BEGIN Source records
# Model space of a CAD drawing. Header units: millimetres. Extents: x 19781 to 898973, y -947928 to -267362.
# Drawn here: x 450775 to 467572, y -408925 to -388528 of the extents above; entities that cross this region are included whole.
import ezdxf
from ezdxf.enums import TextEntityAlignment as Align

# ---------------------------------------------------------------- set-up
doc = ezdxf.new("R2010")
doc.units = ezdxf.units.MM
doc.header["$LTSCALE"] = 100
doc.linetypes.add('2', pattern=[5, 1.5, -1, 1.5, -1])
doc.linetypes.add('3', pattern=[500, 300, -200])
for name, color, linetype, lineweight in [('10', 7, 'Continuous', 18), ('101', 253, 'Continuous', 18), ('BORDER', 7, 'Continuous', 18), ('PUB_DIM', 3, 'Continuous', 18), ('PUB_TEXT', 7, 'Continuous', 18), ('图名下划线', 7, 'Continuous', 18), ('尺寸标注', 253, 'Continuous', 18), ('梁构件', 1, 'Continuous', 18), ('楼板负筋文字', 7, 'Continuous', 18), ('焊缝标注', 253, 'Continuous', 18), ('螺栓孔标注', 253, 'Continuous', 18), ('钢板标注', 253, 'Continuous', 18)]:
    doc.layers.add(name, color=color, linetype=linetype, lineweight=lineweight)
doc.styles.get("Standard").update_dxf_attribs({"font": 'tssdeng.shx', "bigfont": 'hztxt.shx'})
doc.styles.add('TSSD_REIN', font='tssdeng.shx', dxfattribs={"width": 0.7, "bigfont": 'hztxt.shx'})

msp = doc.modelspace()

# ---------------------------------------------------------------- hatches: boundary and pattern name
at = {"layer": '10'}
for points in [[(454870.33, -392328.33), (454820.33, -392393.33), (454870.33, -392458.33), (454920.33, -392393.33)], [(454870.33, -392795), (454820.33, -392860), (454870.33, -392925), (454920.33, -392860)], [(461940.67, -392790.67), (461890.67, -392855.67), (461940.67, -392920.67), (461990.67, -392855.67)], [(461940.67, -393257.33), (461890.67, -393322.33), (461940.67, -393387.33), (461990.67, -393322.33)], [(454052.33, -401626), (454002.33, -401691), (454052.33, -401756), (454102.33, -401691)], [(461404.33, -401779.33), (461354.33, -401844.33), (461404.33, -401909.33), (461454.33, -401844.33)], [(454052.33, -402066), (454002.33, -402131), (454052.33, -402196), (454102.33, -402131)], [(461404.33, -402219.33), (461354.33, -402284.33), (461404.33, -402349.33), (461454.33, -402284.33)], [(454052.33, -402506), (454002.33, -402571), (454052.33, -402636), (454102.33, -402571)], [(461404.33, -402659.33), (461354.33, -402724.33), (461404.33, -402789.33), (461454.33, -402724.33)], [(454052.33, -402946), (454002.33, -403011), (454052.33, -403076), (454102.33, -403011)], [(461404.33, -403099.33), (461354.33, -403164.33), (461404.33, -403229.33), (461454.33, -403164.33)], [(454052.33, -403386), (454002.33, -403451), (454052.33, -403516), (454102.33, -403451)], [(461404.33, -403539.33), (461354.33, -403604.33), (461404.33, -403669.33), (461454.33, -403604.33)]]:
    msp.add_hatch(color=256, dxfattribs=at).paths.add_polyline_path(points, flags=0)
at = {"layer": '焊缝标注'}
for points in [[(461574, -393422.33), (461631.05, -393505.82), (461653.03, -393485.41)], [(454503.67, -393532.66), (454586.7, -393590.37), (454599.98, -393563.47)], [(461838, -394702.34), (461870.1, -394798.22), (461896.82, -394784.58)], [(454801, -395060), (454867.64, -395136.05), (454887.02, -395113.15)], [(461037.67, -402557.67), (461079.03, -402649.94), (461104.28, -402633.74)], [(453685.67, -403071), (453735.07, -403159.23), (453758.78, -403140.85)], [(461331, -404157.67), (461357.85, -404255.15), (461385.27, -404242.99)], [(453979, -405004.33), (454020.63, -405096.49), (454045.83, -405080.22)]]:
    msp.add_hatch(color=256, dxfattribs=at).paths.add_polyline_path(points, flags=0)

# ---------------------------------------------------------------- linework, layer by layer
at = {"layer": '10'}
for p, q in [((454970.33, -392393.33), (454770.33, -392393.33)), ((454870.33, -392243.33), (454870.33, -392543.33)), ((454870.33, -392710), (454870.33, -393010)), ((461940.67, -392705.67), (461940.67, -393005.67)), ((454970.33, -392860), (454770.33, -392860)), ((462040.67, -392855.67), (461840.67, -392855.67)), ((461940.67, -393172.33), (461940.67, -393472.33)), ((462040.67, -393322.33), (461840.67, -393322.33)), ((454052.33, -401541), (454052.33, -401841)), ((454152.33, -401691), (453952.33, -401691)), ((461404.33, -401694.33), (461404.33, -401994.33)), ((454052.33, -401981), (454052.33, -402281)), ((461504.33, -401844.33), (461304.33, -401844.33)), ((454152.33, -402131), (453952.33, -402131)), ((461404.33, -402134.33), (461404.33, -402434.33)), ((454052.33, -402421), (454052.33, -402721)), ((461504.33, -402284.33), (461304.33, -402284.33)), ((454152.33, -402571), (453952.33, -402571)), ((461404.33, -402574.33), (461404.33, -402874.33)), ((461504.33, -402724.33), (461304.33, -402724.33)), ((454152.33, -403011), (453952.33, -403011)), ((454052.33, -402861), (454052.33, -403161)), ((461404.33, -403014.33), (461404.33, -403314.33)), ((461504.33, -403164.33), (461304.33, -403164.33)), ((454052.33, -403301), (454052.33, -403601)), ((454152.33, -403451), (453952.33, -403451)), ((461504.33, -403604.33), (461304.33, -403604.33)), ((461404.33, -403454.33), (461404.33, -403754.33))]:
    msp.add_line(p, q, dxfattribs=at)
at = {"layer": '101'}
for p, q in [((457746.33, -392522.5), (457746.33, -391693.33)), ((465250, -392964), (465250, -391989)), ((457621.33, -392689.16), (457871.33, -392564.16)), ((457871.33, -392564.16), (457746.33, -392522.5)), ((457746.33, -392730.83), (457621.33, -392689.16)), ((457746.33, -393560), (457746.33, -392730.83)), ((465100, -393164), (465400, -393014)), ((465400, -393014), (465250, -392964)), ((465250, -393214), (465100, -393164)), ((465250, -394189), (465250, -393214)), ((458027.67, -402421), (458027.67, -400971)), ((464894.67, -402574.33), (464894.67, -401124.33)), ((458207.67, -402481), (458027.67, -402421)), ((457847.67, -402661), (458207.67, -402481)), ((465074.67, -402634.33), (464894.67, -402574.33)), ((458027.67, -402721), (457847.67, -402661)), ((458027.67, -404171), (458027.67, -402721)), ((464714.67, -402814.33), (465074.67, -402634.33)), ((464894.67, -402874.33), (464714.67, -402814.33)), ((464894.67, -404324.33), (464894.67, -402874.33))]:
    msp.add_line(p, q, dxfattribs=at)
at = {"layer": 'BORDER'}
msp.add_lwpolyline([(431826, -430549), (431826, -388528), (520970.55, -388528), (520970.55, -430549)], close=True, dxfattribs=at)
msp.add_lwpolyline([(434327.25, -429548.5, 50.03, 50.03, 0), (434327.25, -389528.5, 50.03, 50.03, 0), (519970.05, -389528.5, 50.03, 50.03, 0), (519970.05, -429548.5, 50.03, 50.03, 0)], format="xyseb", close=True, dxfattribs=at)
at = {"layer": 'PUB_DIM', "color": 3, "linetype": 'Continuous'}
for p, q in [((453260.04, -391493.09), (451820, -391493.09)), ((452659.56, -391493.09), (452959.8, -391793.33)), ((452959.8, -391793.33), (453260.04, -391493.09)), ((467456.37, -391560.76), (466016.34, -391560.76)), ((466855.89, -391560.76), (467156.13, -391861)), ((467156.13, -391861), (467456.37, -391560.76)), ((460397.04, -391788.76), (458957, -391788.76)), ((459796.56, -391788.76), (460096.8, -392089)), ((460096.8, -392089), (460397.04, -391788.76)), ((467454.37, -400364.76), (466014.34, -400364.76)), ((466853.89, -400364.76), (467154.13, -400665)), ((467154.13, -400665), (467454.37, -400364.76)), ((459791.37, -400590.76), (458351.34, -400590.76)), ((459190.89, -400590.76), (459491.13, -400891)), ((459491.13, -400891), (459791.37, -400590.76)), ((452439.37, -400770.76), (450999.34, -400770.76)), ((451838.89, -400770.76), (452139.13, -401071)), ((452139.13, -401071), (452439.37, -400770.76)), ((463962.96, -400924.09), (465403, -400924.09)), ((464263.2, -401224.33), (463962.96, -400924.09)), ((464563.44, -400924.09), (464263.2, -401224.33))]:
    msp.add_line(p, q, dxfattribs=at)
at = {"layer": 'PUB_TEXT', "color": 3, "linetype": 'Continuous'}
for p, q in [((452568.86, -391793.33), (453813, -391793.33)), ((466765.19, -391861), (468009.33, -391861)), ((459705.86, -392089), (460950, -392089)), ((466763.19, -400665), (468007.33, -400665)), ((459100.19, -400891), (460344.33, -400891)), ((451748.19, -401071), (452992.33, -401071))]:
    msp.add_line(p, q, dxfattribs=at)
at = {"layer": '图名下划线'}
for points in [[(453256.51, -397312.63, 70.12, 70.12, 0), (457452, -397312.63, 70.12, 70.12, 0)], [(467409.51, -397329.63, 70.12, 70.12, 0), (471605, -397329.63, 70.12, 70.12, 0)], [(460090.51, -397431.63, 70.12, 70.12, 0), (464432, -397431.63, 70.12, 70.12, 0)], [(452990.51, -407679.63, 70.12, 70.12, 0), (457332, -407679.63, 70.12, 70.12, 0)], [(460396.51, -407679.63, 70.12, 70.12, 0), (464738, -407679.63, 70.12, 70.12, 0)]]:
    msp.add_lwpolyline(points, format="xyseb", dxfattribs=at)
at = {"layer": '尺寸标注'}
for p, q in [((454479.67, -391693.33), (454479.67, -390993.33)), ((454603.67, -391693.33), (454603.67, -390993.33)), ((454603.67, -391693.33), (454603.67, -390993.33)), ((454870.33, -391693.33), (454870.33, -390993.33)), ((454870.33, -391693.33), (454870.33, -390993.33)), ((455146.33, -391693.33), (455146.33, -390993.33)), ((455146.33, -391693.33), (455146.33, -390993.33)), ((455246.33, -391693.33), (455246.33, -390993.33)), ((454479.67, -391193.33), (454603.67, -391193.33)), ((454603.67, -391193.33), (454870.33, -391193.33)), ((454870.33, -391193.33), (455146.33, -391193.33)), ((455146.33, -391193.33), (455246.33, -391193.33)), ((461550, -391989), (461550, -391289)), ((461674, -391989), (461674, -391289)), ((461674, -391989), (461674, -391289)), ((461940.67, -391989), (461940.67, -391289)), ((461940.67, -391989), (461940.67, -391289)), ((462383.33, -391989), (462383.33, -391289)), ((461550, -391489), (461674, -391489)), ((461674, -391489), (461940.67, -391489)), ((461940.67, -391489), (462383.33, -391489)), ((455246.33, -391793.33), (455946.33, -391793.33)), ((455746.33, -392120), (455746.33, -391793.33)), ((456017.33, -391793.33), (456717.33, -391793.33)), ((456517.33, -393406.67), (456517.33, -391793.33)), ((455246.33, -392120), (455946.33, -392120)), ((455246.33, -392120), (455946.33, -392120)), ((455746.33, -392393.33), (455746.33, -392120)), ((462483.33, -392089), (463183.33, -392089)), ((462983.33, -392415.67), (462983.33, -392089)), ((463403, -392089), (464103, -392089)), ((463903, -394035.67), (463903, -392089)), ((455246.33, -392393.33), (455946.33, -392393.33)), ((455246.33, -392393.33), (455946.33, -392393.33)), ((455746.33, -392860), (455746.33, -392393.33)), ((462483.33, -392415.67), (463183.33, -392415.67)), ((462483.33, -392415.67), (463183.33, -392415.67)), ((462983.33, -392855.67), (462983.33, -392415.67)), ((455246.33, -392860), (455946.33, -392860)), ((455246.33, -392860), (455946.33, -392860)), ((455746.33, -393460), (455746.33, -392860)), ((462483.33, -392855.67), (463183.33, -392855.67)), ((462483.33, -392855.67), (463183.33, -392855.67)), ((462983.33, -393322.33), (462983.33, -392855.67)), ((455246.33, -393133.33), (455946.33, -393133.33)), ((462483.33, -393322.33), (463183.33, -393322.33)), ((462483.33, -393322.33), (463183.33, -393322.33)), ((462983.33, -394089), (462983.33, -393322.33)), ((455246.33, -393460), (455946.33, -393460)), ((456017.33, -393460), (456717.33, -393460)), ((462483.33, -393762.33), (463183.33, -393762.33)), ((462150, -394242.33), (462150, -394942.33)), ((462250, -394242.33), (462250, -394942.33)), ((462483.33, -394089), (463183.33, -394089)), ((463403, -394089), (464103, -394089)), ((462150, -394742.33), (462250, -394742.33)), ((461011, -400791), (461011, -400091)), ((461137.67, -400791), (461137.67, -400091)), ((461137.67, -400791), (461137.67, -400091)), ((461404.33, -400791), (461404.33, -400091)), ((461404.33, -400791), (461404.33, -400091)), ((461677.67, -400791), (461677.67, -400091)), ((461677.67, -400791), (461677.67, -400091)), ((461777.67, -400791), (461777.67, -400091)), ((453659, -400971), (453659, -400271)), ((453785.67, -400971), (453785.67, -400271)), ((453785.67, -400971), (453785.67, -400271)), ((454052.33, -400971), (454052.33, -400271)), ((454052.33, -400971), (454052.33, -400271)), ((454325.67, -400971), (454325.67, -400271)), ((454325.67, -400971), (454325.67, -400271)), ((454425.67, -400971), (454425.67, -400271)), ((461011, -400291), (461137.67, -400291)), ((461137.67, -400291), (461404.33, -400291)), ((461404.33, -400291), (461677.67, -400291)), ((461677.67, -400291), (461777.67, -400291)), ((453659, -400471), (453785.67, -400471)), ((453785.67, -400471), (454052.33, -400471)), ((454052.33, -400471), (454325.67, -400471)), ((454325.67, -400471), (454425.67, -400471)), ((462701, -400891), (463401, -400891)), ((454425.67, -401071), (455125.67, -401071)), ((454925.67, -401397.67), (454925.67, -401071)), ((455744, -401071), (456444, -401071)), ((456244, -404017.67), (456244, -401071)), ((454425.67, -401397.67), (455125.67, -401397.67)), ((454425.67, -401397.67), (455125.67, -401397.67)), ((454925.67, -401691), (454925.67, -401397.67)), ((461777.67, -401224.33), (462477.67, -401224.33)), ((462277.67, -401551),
END Source records
[Task to carry out]
Look through the records for the word "图名下划线". Every line that has it should be copied.

[Task output]
for name, color, linetype, lineweight in [('10', 7, 'Continuous', 18), ('101', 253, 'Continuous', 18), ('BORDER', 7, 'Continuous', 18), ('PUB_DIM', 3, 'Continuous', 18), ('PUB_TEXT', 7, 'Continuous', 18), ('图名下划线', 7, 'Continuous', 18), ('尺寸标注', 253, 'Continuous', 18), ('梁构件', 1, 'Continuous', 18), ('楼板负筋文字', 7, 'Continuous', 18), ('焊缝标注', 253, 'Continuous', 18), ('螺栓孔标注', 253, 'Continuous', 18), ('钢板标注', 253, 'Continuous', 18)]:
at = {"layer": '图名下划线'}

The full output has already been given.